:: Exercise description ::
Each line below from the one containing "VX error : Scope" through the one containing "Wheel covarience2 : Subsystem" should be output exactly as it stands, and no other line should appear.

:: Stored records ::
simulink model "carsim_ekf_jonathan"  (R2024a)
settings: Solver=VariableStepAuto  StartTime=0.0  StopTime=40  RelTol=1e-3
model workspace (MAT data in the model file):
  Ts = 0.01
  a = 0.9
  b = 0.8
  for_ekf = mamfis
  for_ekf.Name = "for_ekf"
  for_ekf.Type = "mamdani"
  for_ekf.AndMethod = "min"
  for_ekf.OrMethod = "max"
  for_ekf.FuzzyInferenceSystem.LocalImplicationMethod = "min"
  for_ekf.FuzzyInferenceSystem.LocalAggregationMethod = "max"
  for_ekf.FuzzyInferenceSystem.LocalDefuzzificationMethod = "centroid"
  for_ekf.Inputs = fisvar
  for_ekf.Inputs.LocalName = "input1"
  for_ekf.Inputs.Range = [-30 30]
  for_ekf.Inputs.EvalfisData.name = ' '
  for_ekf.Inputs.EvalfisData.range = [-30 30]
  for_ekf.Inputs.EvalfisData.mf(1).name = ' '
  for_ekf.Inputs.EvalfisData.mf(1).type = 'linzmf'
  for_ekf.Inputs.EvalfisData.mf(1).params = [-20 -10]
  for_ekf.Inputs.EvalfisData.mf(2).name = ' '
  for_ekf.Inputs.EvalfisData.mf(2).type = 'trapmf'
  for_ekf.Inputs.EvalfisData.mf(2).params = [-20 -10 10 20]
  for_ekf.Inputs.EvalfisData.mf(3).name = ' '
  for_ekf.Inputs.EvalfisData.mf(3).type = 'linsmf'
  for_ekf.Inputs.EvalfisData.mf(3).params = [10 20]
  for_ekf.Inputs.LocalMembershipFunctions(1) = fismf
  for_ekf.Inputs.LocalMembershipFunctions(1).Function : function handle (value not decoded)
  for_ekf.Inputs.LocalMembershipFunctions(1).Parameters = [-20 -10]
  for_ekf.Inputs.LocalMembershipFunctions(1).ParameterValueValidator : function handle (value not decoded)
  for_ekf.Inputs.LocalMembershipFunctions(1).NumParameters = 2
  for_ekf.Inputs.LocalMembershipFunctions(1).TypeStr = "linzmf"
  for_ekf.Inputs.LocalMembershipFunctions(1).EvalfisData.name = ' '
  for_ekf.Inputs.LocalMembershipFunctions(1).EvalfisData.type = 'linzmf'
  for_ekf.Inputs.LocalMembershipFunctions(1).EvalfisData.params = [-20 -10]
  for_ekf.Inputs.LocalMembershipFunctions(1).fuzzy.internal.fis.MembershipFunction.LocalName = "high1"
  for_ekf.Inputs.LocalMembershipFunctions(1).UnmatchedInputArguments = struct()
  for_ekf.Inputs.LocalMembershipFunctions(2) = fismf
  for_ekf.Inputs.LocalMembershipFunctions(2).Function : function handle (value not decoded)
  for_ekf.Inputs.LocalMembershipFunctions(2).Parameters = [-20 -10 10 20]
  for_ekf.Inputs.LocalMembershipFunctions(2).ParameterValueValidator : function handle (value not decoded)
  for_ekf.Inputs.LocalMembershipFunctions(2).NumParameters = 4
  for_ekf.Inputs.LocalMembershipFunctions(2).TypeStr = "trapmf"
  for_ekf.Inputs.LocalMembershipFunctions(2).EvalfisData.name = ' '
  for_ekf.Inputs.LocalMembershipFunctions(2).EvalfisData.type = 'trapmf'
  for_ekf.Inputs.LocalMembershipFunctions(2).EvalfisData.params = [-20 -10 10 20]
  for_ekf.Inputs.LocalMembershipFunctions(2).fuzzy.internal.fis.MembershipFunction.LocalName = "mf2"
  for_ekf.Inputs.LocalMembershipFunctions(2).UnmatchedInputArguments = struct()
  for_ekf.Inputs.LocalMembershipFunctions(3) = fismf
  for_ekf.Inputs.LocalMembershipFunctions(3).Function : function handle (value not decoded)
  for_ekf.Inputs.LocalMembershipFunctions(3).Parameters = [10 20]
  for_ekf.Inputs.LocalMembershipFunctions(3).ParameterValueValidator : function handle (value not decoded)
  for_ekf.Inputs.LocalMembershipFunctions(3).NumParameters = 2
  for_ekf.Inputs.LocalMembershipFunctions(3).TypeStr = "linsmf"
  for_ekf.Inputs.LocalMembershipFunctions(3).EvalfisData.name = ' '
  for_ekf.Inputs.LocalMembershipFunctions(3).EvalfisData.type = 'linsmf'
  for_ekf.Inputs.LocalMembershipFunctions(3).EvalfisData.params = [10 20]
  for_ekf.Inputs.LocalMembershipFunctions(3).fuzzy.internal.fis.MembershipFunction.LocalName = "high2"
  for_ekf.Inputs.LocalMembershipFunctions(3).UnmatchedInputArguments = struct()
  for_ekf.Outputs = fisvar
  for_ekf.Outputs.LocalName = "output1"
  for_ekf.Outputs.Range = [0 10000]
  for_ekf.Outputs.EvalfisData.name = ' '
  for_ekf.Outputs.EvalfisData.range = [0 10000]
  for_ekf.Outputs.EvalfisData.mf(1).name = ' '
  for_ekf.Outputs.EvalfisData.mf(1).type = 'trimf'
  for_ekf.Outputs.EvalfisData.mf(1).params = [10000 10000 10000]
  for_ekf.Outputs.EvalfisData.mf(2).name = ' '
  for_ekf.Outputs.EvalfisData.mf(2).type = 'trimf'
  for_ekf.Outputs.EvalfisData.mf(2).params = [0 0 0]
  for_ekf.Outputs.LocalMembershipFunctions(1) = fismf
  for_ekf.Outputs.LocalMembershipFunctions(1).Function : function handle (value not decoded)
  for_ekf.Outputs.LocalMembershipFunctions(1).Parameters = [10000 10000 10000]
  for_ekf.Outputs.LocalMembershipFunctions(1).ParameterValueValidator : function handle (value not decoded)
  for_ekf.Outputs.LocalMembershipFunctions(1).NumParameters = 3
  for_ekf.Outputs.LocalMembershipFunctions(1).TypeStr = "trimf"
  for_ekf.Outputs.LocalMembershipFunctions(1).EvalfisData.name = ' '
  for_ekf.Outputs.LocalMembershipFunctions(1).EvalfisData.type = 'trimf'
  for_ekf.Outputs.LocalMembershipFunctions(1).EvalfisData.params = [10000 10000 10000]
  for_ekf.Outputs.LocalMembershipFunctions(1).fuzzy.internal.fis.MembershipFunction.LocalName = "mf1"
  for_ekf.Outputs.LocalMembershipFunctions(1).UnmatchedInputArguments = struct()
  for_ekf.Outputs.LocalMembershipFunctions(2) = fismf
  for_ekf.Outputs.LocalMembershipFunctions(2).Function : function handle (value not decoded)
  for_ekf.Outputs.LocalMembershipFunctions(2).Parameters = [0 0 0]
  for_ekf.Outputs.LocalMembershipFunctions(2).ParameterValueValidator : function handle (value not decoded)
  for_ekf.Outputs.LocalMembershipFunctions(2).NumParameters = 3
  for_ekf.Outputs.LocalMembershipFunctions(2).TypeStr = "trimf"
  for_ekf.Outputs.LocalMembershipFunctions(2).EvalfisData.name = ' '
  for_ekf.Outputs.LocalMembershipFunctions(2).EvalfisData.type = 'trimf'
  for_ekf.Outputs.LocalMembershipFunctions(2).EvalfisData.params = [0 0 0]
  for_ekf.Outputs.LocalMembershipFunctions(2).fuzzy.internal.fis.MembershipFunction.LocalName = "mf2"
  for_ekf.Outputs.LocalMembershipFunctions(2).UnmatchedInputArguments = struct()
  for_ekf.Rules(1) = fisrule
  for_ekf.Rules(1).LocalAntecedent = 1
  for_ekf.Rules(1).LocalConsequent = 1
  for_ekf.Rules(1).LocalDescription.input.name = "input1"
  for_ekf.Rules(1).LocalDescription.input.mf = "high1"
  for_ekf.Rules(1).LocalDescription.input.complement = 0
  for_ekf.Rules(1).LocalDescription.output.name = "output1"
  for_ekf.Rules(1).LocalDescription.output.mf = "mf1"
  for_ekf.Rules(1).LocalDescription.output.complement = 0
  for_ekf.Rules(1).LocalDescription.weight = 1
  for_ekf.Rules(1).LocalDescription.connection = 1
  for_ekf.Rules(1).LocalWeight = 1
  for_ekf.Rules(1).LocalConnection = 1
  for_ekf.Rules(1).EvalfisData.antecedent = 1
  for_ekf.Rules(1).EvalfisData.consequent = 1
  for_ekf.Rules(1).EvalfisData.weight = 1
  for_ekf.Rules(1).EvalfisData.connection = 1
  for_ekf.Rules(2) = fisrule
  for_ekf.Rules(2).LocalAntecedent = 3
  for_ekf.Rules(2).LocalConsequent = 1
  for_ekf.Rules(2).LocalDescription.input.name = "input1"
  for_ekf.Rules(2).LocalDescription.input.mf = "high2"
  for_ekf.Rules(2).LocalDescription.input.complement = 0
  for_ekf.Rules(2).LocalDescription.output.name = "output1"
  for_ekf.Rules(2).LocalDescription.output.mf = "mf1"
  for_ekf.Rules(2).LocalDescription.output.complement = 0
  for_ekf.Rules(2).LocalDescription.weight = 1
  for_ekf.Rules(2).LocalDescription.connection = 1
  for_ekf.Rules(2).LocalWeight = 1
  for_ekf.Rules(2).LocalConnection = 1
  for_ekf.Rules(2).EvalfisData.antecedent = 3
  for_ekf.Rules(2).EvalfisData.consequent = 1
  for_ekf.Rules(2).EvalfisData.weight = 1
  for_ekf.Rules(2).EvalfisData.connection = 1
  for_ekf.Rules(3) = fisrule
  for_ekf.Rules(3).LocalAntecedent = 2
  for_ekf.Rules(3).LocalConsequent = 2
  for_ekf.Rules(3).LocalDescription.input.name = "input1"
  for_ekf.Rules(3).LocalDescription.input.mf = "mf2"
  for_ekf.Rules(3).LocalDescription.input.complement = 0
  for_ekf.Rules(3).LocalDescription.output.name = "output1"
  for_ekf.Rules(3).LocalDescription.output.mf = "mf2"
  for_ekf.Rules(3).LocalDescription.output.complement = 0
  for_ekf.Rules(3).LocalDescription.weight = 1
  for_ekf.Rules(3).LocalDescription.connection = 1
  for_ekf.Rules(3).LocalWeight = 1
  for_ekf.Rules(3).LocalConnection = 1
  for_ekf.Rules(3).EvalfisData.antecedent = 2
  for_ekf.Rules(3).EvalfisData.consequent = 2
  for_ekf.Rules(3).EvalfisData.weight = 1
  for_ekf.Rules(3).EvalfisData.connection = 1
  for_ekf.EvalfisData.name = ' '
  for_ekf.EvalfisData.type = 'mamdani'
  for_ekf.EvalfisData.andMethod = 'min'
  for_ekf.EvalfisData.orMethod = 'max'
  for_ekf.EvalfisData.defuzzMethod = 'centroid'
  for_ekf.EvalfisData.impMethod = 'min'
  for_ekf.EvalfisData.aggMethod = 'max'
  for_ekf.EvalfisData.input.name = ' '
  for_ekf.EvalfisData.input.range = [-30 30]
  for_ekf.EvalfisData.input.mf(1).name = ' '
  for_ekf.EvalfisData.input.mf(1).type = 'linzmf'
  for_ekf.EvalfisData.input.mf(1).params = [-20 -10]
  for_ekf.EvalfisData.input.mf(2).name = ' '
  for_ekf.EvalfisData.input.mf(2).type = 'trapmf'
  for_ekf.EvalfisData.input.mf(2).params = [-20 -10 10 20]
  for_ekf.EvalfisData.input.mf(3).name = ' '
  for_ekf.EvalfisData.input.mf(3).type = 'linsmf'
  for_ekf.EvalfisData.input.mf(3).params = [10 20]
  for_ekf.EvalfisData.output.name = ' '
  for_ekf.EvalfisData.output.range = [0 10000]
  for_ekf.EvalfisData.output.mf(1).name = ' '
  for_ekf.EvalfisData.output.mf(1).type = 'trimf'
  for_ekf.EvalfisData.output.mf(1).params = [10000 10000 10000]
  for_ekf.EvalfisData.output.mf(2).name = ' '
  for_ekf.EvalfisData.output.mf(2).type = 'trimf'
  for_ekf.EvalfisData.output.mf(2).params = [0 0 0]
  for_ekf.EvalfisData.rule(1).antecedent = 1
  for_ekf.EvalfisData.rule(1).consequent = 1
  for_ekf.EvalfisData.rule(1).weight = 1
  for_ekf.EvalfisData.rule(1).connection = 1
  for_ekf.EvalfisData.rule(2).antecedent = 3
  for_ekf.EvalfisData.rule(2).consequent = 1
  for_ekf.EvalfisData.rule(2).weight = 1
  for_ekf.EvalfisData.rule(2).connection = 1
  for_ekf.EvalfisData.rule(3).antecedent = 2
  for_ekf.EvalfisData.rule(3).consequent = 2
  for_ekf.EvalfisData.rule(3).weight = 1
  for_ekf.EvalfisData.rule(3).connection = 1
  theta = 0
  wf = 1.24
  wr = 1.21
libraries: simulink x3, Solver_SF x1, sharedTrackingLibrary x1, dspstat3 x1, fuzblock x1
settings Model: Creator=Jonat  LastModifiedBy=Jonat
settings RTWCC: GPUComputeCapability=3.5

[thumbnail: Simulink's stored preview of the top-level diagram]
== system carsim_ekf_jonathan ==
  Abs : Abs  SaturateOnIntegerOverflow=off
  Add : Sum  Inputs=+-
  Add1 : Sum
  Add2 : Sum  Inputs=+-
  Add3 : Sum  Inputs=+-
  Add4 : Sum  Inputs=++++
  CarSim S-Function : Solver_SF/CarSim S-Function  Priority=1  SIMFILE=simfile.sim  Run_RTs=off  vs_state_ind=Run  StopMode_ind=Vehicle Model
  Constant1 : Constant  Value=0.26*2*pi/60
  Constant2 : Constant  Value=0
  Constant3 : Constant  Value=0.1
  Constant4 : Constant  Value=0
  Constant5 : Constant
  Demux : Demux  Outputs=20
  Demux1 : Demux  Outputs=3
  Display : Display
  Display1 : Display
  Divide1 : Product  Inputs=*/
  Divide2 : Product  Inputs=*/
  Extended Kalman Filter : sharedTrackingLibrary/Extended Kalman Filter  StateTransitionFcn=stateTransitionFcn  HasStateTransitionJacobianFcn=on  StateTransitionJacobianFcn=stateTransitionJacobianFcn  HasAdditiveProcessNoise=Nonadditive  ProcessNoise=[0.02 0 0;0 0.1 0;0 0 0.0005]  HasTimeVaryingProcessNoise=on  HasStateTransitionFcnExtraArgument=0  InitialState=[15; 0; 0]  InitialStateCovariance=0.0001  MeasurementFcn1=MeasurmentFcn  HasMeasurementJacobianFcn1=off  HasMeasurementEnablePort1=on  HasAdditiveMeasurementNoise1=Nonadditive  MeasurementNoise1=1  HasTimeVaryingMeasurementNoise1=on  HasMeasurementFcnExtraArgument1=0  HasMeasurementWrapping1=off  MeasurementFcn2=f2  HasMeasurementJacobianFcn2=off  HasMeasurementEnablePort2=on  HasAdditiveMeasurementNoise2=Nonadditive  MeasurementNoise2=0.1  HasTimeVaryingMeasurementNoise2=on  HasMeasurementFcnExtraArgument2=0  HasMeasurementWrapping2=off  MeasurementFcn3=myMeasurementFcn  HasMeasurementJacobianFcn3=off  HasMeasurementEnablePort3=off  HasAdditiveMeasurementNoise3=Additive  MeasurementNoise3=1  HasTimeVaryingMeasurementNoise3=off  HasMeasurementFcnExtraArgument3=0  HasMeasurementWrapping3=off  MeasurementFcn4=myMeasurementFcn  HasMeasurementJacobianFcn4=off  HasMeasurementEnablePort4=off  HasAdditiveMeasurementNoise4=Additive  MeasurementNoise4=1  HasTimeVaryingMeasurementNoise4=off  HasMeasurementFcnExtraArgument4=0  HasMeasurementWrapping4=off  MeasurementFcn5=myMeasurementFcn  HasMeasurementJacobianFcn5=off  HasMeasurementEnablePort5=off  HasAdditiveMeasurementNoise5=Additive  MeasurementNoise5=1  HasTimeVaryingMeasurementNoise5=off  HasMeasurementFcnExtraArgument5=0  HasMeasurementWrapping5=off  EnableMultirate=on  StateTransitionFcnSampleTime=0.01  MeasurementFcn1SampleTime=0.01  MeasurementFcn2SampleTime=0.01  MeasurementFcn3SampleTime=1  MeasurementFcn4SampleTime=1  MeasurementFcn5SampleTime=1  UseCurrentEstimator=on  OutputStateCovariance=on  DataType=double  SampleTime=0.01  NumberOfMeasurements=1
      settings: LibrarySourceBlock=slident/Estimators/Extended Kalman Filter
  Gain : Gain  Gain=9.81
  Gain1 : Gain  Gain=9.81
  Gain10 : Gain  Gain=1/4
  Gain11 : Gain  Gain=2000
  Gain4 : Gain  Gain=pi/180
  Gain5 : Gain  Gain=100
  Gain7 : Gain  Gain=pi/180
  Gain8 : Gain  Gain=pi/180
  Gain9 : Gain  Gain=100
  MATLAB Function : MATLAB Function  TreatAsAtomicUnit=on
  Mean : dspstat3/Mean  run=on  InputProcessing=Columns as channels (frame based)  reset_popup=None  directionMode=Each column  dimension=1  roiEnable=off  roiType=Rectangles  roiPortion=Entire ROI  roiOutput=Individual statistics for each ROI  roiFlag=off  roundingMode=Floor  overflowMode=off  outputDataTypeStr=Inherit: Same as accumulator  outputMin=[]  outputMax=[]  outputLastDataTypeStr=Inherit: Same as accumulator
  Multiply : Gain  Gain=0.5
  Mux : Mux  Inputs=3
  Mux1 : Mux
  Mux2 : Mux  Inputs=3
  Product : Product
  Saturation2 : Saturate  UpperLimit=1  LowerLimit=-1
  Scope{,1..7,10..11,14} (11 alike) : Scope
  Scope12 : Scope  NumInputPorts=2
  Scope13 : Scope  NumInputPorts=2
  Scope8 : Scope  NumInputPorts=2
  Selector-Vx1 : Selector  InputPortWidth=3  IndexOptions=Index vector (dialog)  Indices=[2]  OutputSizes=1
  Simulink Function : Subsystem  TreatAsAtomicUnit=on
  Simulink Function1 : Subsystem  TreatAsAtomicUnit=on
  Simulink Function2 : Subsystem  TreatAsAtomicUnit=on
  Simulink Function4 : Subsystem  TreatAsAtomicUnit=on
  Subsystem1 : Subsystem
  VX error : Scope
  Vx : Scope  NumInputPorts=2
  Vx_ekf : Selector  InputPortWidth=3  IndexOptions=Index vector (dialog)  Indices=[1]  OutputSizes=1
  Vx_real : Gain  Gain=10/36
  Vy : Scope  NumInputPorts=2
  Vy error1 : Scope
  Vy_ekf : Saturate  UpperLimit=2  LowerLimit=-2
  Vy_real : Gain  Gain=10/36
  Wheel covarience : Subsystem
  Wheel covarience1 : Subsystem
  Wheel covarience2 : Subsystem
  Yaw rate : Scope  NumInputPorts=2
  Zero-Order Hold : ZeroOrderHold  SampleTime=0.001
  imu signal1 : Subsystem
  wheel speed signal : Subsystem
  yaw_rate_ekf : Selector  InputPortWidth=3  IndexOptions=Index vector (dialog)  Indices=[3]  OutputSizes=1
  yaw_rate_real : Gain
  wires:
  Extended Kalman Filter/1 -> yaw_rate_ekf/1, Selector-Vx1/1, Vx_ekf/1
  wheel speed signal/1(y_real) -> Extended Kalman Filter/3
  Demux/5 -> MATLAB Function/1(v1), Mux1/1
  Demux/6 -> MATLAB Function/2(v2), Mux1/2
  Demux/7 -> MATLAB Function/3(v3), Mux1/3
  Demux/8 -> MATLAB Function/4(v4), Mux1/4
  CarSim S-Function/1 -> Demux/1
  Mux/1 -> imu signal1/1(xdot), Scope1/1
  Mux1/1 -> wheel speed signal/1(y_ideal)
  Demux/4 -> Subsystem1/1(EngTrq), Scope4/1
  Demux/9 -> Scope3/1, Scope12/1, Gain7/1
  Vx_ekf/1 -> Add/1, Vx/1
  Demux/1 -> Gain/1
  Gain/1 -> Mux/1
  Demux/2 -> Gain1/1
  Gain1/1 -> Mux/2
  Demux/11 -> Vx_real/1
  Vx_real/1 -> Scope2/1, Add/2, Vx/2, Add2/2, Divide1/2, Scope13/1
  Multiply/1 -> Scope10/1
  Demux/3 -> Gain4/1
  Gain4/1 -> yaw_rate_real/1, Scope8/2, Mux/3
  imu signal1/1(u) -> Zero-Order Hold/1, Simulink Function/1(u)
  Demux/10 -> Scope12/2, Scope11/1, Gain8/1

:: Response ::
  VX error : Scope
  Vx : Scope  NumInputPorts=2
  Vx_ekf : Selector  InputPortWidth=3  IndexOptions=Index vector (dialog)  Indices=[1]  OutputSizes=1
  Vx_real : Gain  Gain=10/36
  Vy : Scope  NumInputPorts=2
  Vy error1 : Scope
  Vy_ekf : Saturate  UpperLimit=2  LowerLimit=-2
  Vy_real : Gain  Gain=10/36
  Wheel covarience : Subsystem
  Wheel covarience1 : Subsystem
  Wheel covarience2 : Subsystem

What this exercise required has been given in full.